I strongly suspect that much of the reason
for the failure of imagination on the part of these early pioneers of
imaginative fiction was in the very word “destination”, as in the first movie
title listed above. It was hard for them to wrap their minds around the idea of
empty space (a.k.a., in orbit) being a destination. Some solid surface to land
on was required for that.
In any event, despite such a stupendous
initial flight, Smith was not about to hang around the solar system for an
instant longer than he had to. He is off to the stars! Believe it or not, this
was uncharted territory for science fiction when Skylark was being
written. In the end, the novel shared the palm for “first extra-solar
adventure” with Edmond Hamilton’s first Interstellar Patrol adventure “Crashing Suns”, which was published in the very same month (August
1928) by the magazine Weird Tales. (So something was
undoubtedly in the water that year!) Prior to that “august” month,
extraterrestrial voyages had been restricted to worlds within our solar system.

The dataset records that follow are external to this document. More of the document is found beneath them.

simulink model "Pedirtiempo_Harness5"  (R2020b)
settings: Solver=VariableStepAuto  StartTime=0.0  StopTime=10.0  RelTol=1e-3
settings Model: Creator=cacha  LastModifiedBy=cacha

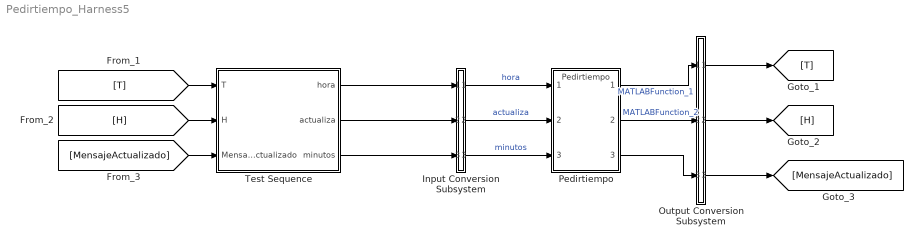
== system Pedirtiempo_Harness5 ==
  Input Conversion Subsystem : Subsystem  Tag=__SLT_ICS__  Description=|
      | Signal spec.
      | and routing
      settings: AttributesFormatString=%<Description>
  Output Conversion Subsystem : Subsystem  Tag=__SLT_OCS__  Description=|
      | Signal spec.
      | and routing
      settings: AttributesFormatString=%<Description>
  Pedirtiempo : ModelReference  ModelNameDialog=Pedirtiempo  SimulationMode=Normal  ModelReferenceVersion=1.30
  Test Sequence : Test Sequence  TreatAsAtomicUnit=on
  wires:
  Test Sequence/1(hora) -> Input Conversion Subsystem/1(Inport_1)
  Test Sequence/2(actualiza) -> Input Conversion Subsystem/2(Inport_2)
  Test Sequence/3(minutos) -> Input Conversion Subsystem/3(Inport_3)
  [T] -> Test Sequence/1(T)
  [H] -> Test Sequence/2(H)
  [MensajeActualizado] -> Test Sequence/3(MensajeActualizado)
  Output Conversion Subsystem/1(Outport_1) -> [T]
  Output Conversion Subsystem/2(Outport_2) -> [H]
  Output Conversion Subsystem/3(Outport_3) -> [MensajeActualizado]
  Input Conversion Subsystem/1(Outport_1) -> Pedirtiempo/1  "hora"
  Input Conversion Subsystem/2(Outport_2) -> Pedirtiempo/2  "actualiza"
  Input Conversion Subsystem/3(Outport_3) -> Pedirtiempo/3  "minutos"
  Pedirtiempo/1 -> Output Conversion Subsystem/1(Inport_1)  "MATLABFunction_1"
  Pedirtiempo/2 -> Output Conversion Subsystem/2(Inport_2)  "MATLABFunction_2"
  Pedirtiempo/3 -> Output Conversion Subsystem/3(Inport_3)

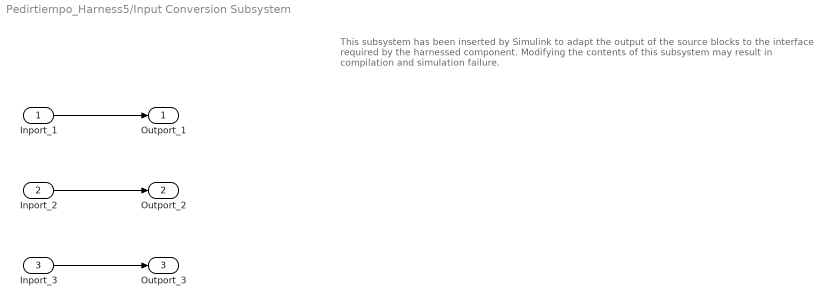
== system Pedirtiempo_Harness5/Input Conversion Subsystem ==
  note: This subsystem has been inserted by Simulink to adapt the output of the source blocks to the interface required by the harnessed component.
      |  Modifying the contents of this subsystem may result in compilation and simulation failure.
  Inport_1 : Inport
  Inport_2 : Inport  Port=2
  Inport_3 : Inport  Port=3
  Outport_1 : Outport
  Outport_2 : Outport  Port=2
  Outport_3 : Outport  Port=3
  wires:
  Inport_1/1 -> Outport_1/1
  Inport_2/1 -> Outport_2/1
  Inport_3/1 -> Outport_3/1

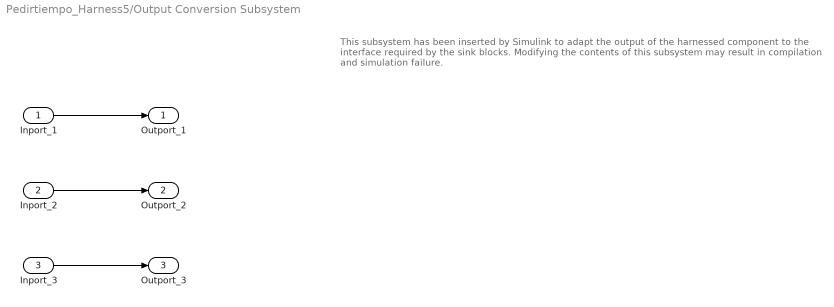
== system Pedirtiempo_Harness5/Output Conversion Subsystem ==
  note: This subsystem has been inserted by Simulink to adapt the output of the harnessed component to the interface required by the sink blocks.
      |  Modifying the contents of this subsystem may result in compilation and simulation failure.
  Inport_1 : Inport
  Inport_2 : Inport  Port=2
  Inport_3 : Inport  Port=3
  Outport_1 : Outport
  Outport_2 : Outport  Port=2
  Outport_3 : Outport  Port=3
  wires:
  Inport_1/1 -> Outport_1/1
  Inport_2/1 -> Outport_2/1
  Inport_3/1 -> Outport_3/1

== stateflow chart Pedirtiempo_Harness5/Test Sequence ==
  settings: stateMachineType=SIMPLIFIED_MACHINE
  state Run
    %% Initialize data outputs.
    hora = 0;
    actualiza = 0;
    minutos = 0;
  (default) -> Run
  data: T input double size=[1]; H input double size=[1]; MensajeActualizado input double size=[1]; hora output double size=[1]; actualiza output double size=[1]; minutos output double size=[1]

But ever after, it was “Sic itur ad atsra.” (The Aeneid, Book IX, Line
641)
*
A
notable exception to this catalogue is the 1950 film Project Moonbase.
Finally, a movie that has even a distant resemblance to reality. Initial
flights into orbit, followed by the building of a space station, and then and
only then an attempt to fly out to the Moon – and even then, only a flyby
mission (around the Far Side and back).